Sydney Grace's Impact on Our Lives

Jamison (Sydney's aunt) shared this with me today. I asked if she would mind if I shared this with everyone. This once again shows how much impact Sydney made here with her short time on earth. I hope you enjoy this as much as I did. Lindsey

On January 7 at 5:11 am Sydney Grace Fodrie was born into our family. Like her namesake, Grace Fodrie, Sydney Grace was destined to be a great educator. She may have only had 20 days, but in her brief time on earth Sydney taught us all so many invaluable lessons.
Sydney Grace’s life reminded us all of how very precious each day should be. She was such a fighting little spirit. No one could have struggled to stay alive harder than she. Many, many, many, times we thought that it was her last moment. She continued to surprise us all by working so hard for one more breath and then another. To see that tiny sick body cycle from dusty purple to pink over and over, to see her work for a little more time to be with her family, to see this taught me to appreciate every moment of each day more.
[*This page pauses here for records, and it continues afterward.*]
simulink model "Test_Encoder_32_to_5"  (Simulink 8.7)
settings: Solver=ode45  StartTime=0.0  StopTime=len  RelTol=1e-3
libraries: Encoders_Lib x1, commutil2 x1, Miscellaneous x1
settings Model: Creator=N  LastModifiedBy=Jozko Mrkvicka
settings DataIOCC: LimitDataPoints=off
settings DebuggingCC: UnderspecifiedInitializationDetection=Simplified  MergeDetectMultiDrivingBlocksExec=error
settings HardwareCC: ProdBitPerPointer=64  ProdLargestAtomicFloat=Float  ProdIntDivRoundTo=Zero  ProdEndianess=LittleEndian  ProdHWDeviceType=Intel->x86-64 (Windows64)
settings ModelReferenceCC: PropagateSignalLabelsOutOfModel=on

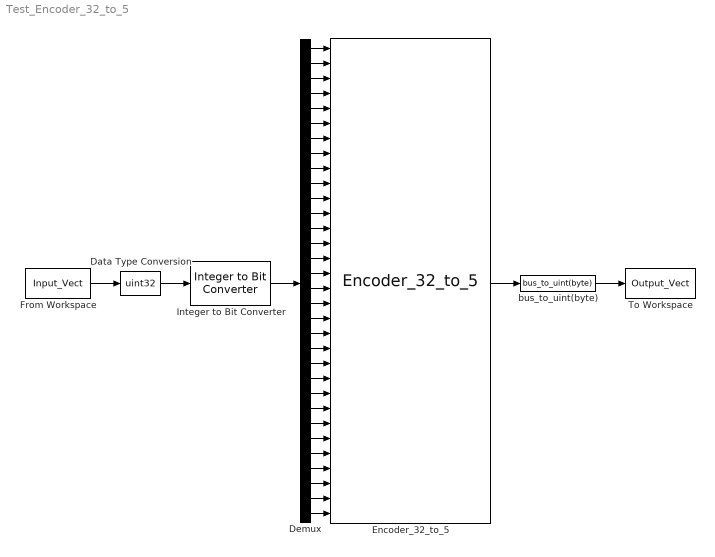
== system Test_Encoder_32_to_5 ==
  Data Type Conversion : DataTypeConversion  OutDataTypeStr=uint32
  Demux : Demux  Outputs=32
  Encoder_32_to_5 : Encoders_Lib/Encoders_Lib/Encoder_32_to_5
  From Workspace : FromWorkspace  VariableName=Input_Vect  SampleTime=1  Interpolate=off  OutputAfterFinalValue=Holding final value
  Integer to Bit Converter : commutil2/Integer to Bit Converter  nbits=32  signedInputValues=Unsigned  bitOrder=MSB first  outDtype=boolean
  To Workspace : ToWorkspace  VariableName=Output_Vect  SampleTime=1
  bus_to_uint(byte) : Miscellaneous/bus_to_uint(byte)
  wires:
  Encoder_32_to_5/1 -> bus_to_uint(byte)/1
  bus_to_uint(byte)/1 -> To Workspace/1
  Integer to Bit Converter/1 -> Demux/1
  Data Type Conversion/1 -> Integer to Bit Converter/1
  From Workspace/1 -> Data Type Conversion/1
  Demux/1 -> Encoder_32_to_5/1
  Demux/2 -> Encoder_32_to_5/2
  Demux/3 -> Encoder_32_to_5/3
  Demux/4 -> Encoder_32_to_5/4
  Demux/5 -> Encoder_32_to_5/5
  Demux/6 -> Encoder_32_to_5/6
  Demux/7 -> Encoder_32_to_5/7
  Demux/8 -> Encoder_32_to_5/8
  Demux/9 -> Encoder_32_to_5/9
  Demux/10 -> Encoder_32_to_5/10
  Demux/11 -> Encoder_32_to_5/11
  Demux/12 -> Encoder_32_to_5/12
  Demux/13 -> Encoder_32_to_5/13
  Demux/14 -> Encoder_32_to_5/14
  Demux/15 -> Encoder_32_to_5/15
  Demux/16 -> Encoder_32_to_5/16
  Demux/17 -> Encoder_32_to_5/17
  Demux/18 -> Encoder_32_to_5/18
  Demux/19 -> Encoder_32_to_5/19
  Demux/20 -> Encoder_32_to_5/20
  Demux/21 -> Encoder_32_to_5/21
  Demux/22 -> Encoder_32_to_5/22
  Demux/23 -> Encoder_32_to_5/23
  Demux/24 -> Encoder_32_to_5/24
  Demux/25 -> Encoder_32_to_5/25
  Demux/26 -> Encoder_32_to_5/26
  Demux/27 -> Encoder_32_to_5/27
  Demux/28 -> Encoder_32_to_5/28
  Demux/29 -> Encoder_32_to_5/29
  Demux/30 -> Encoder_32_to_5/30
  Demux/31 -> Encoder_32_to_5/31
  Demux/32 -> Encoder_32_to_5/32
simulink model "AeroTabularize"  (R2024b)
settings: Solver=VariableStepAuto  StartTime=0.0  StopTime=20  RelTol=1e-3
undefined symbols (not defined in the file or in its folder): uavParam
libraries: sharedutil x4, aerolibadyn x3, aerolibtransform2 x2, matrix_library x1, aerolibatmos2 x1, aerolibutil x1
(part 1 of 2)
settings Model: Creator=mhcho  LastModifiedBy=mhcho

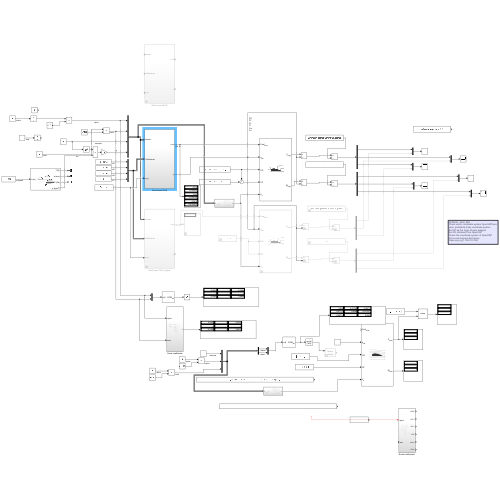
[thumbnail: Simulink's stored preview of the top-level diagram]
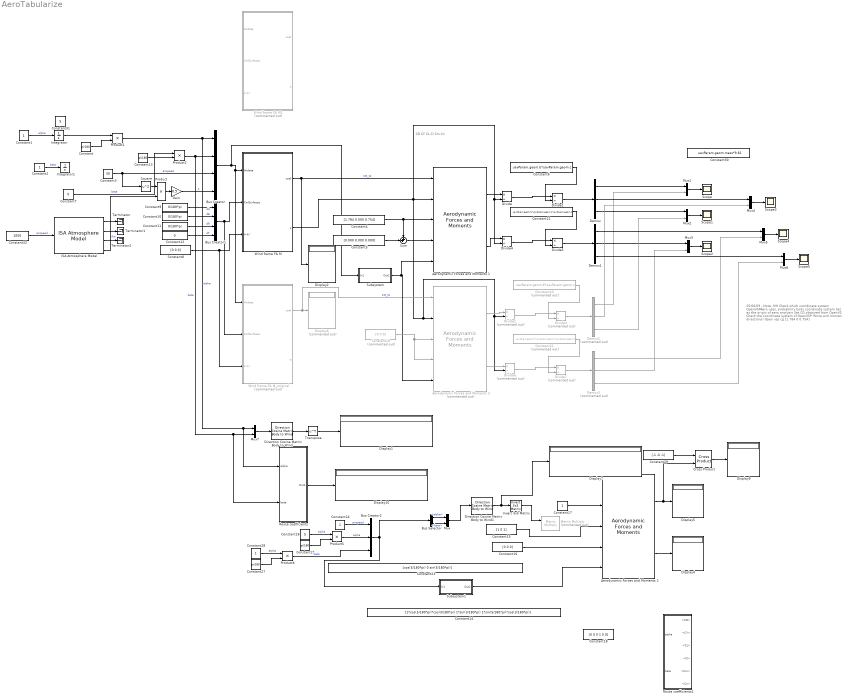
== system AeroTabularize ==
  note: CD
      | CY
      | CL
      | Cl
      | Cm
      | Cn
  note: 25/06/09 - Note, MH
      | Check which coordinate system OpenVSPAero
      | uses, probability body coordinate system
      | Set CP as the origin of aero analysis
      | Set CG obtained from OpenVSP
      | Check the coordinate system of OpenVSP
      | (force and moment directions)
      | Open vsp cg [1.784 0 0.754]
  Aerodynamic Forces and Moments 1 : aerolibadyn/Aerodynamic Forces and Moments   inputAxes=Wind  outputForceAxes=Body  outputMomentAxes=Body  S=uavParam.geom.b*uavParam.geom.c  b=uavParam.geom.b  cbar=uavParam.geom.c
  Aerodynamic Forces and Moments 2 : aerolibadyn/Aerodynamic Forces and Moments   inputAxes=Wind  outputForceAxes=Body  outputMomentAxes=Body  S=1  b=1  cbar=1
  Aerodynamic Forces and Moments 3 : aerolibadyn/Aerodynamic Forces and Moments   Commented=on  inputAxes=Wind  outputForceAxes=Body  outputMomentAxes=Body  S=uavParam.geom.b*uavParam.geom.c  b=uavParam.geom.b  cbar=uavParam.geom.c
  Bus Creator : BusCreator  Inputs=4
  Bus Creator1 : BusCreator  Inputs=4
  Bus Creator2 : BusCreator  Inputs=3
  Bus Selector : BusSelector  OutputSignals=alpha,beta
  Constant{,13,25,27} (4 alike) : Constant  Value=pi/180
  Constant{1..2,17,24,28} (5 alike) : Constant
  Constant10 : Constant  Value=0/180*pi
  Constant11 : Constant  Value=0/180*pi
  Constant12 : Constant  Value=0
  Constant14 : Constant  Value=[1*cos(5/180*pi)*cos(3/180*pi) 1*sin(3/180*pi) 1*sin(5/180*pi)*cos(3/180*pi)]
  Constant15 : Constant  Value=[1 0 1]
  Constant16 : Constant  Value=[0 0 0]
  Constant18 : Constant  Value=[0 0 0 1 0 0]
  Constant19 : Constant  Commented=on  Value=[0 0 0]
  Constant20 : Constant  Commented=on  Value=uavParam.geom.b*uavParam.geom.c
  Constant21 : Constant  Value=uavParam.geom.b*uavParam.geom.c*uavParam.geom.c
  Constant22 : Constant  Commented=on  Value=uavParam.geom.b*uavParam.geom.c*uavParam.geom.c
  Constant23 : Constant  Value=[cos(5/180*pi) 0 sin(5/180*pi)]
  Constant26 : Constant  Value=5
  Constant29 : Constant  Value=[-1 -0 -1]
  Constant3 : Constant  Value=30
  Constant30 : Constant  Value=uavParam.geom.mass*9.81
  Constant31 : Constant  Value=5
  Constant32 : Constant  Value=1000
  Constant4 : Constant  Value=[1.784 0.000 0.754]
  Constant5 : Constant  Value=[0.000 0.000 0.000]
  Constant6 : Constant  Value=uavParam.geom.b*uavParam.geom.c
  Constant7 : Constant  Value=0
  Constant8 : Constant  Value=[0 0 0]
  Constant9 : Constant  Value=0/180*pi
  Cross Product : matrix_library/Cross Product
  Demux : Demux  Outputs=3
  Demux1 : Demux  Outputs=3
  Demux2 : Demux  Commented=on  Outputs=3
  Demux3 : Demux  Commented=on  Outputs=3
  Direction Cosine Matrix Body to Wind : aerolibtransform2/Direction Cosine Matrix Body to Wind
  Direction Cosine Matrix Body to Wind1 : aerolibtransform2/Direction Cosine Matrix Body to Wind
  Display{1..2,4..5,7,9..10} (7 alike) : Display
  Display6 : Display  Commented=on
  Divide{,1,4..5} (4 alike) : Product  Inputs=*/
  Divide{2..3,6..7} (4 alike) : Product  Commented=on  Inputs=*/
  Gain : Gain  Gain=0.5
  ISA Atmosphere Model : aerolibatmos2/ISA Atmosphere Model  useExtended=off  action=Warning  custom=off  viscosityOut=off  g=9.80665  gamma=1.4  R=287.0531  L=0.0065  h_trop=11000  h_strat=20000  rho0=1.225  P0=101325  T0=288.15  h0=0  S=110.4  Tref=273.15  muref=1.716e-5
  Integrator : Integrator  InitialCondition=-5
  Integrator1 : Integrator  InitialCondition=-10
  Invert 3x3 Matrix : aerolibutil/Invert  3x3 Matrix
  Matrix Multiply : Product  Commented=on  Multiplication=Matrix(*)
  Mux{,1..7} (8 alike) : Mux  Inputs=2
  Product{,1..2,5..6} (5 alike) : Product
  Route coefficients : Subsystem
  Route coefficients1 : Subsystem
  Scope{,1..5} (6 alike) : Scope
  Square : Math  Operator=square
  Subsystem : Subsystem
  Subsystem1 : Subsystem
  Sum : Sum  Inputs=++|
  Terminator : Terminator
  Terminator1 : Terminator
  Terminator2 : Terminator
  Transpose : Math  Operator=transpose  SignedPower=on
  Wind frame F& M : Subsystem
  Wind frame F& M1 : Subsystem  Commented=on
  Wind frame F& M_original : Subsystem  Commented=on
  wires:
  Bus Creator/1 -> Subsystem/1(In1), Wind frame F& M_original/1(Airdata), Wind frame F& M/1(Airdata)
  Wind frame F& M/1(coef) -> Display2/1, Aerodynamic Forces and Moments 1/1  "FM_W"
  Wind frame F& M/2(q) -> Divide6/2, Divide2/2, Aerodynamic Forces and Moments 3/2, Aerodynamic Forces and Moments 1/2, Divide4/2, Divide/2
  Constant3/1 -> Square/1, Bus Creator/3  "airspeed"
  Gain/1 -> Bus Creator/4  "q"
  ISA Atmosphere Model/4 -> Product/2  "rho"
  Bus Creator1/1 -> Wind frame F& M_original/2(CtrlSurfaces), Wind frame F& M/2(CtrlSurfaces)
  Constant8/1 -> Wind frame F& M_original/3(p,q,r), Wind frame F& M/3(p,q,r)
  Square/1 -> Product/1
  Product/1 -> Gain/1
  Constant/1 -> Product1/2
  Constant13/1 -> Product2/2
  Product1/1 -> Route coefficients/1(alpha), Mux7/1, Bus Creator/1  "alpha"
  Product2/1 -> Route coefficients/2(beta), Mux7/2, Bus Creator/2  "beta"
  Constant16/1 -> Aerodynamic Forces and Moments 2/4
  Constant17/1 -> Aerodynamic Forces and Moments 2/2
  Aerodynamic Forces and Moments 2/2 -> Display4/1
  Aerodynamic Forces and Moments 2/1 -> Cross Product/2, Display5/1
  Wind frame F& M_original/1(coef) -> Aerodynamic Forces and Moments 3/1, Display6/1  "FM_W"
  Subsystem/1(Out1) -> Aerodynamic Forces and Moments 1/5, Aerodynamic Forces and Moments 3/5
  Constant9/1 -> Bus Creator1/1  "dA"
  Constant10/1 -> Bus Creator1/2  "dE"
  Constant11/1 -> Bus Creator1/3  "dR"
  Constant12/1 -> Bus Creator1/4  "dT"
  Aerodynamic Forces and Moments 1/1 -> Divide/1
  Divide1/1 -> Demux/1
  Divide/1 -> Divide1/1
  Constant6/1 -> Divide1/2
  Constant19/1 -> Aerodynamic Forces and Moments 3/4, Aerodynamic Forces and Moments 3/3
  Divide3/1 -> Demux2/1
  Divide2/1 -> Divide3/1
  Constant20/1 -> Divide3/2
  Aerodynamic Forces and Moments 3/1 -> Divide2/1
  Divide5/1 -> Demux1/1
  Divide4/1 -> Divide5/1
  Constant21/1 -> Divide5/2
  Aerodynamic Forces and Moments 1/2 -> Divide4/1
  Constant22/1 -> Divide7/2
  Divide7/1 -> Demux3/1
  Divide6/1 -> Divide7/1
  Aerodynamic Forces and Moments 3/2 -> Divide6/1
  Direction Cosine Matrix Body to Wind1/1 -> Display7/1, Invert 3x3 Matrix/1
  Invert 3x3 Matrix/1 -> Matrix Multiply/1
  Constant25/1 -> Product5/2
  Constant26/1 -> Product5/1  "alpha"
  Product5/1 -> Bus Creator2/2  "alpha"
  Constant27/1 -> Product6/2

Sydney Grace’s story touched so many hearts and inspired a network of support that spanned the entire world. The outpouring of love for her and her family was almost beyond comprehension. Letters, blogs, Facebook fans, prayers, phone calls, cards, visits, gifts, blankets, and the most delicious meals showered down. The great outpouring of love from friends, family, and even total strangers sustained our bodies (Light Rolls, Chew Bread, casseroles and more) and our souls throughout her life. Sydney Grace taught me so much about how to care for others. There are so many times when I have not known what to do or say when a friend or a family member was hurting and so I was silent. From her I’ve learned that the words “I’m thinking of you” are powerful and strong. I learned the power and the blessing of “being there.”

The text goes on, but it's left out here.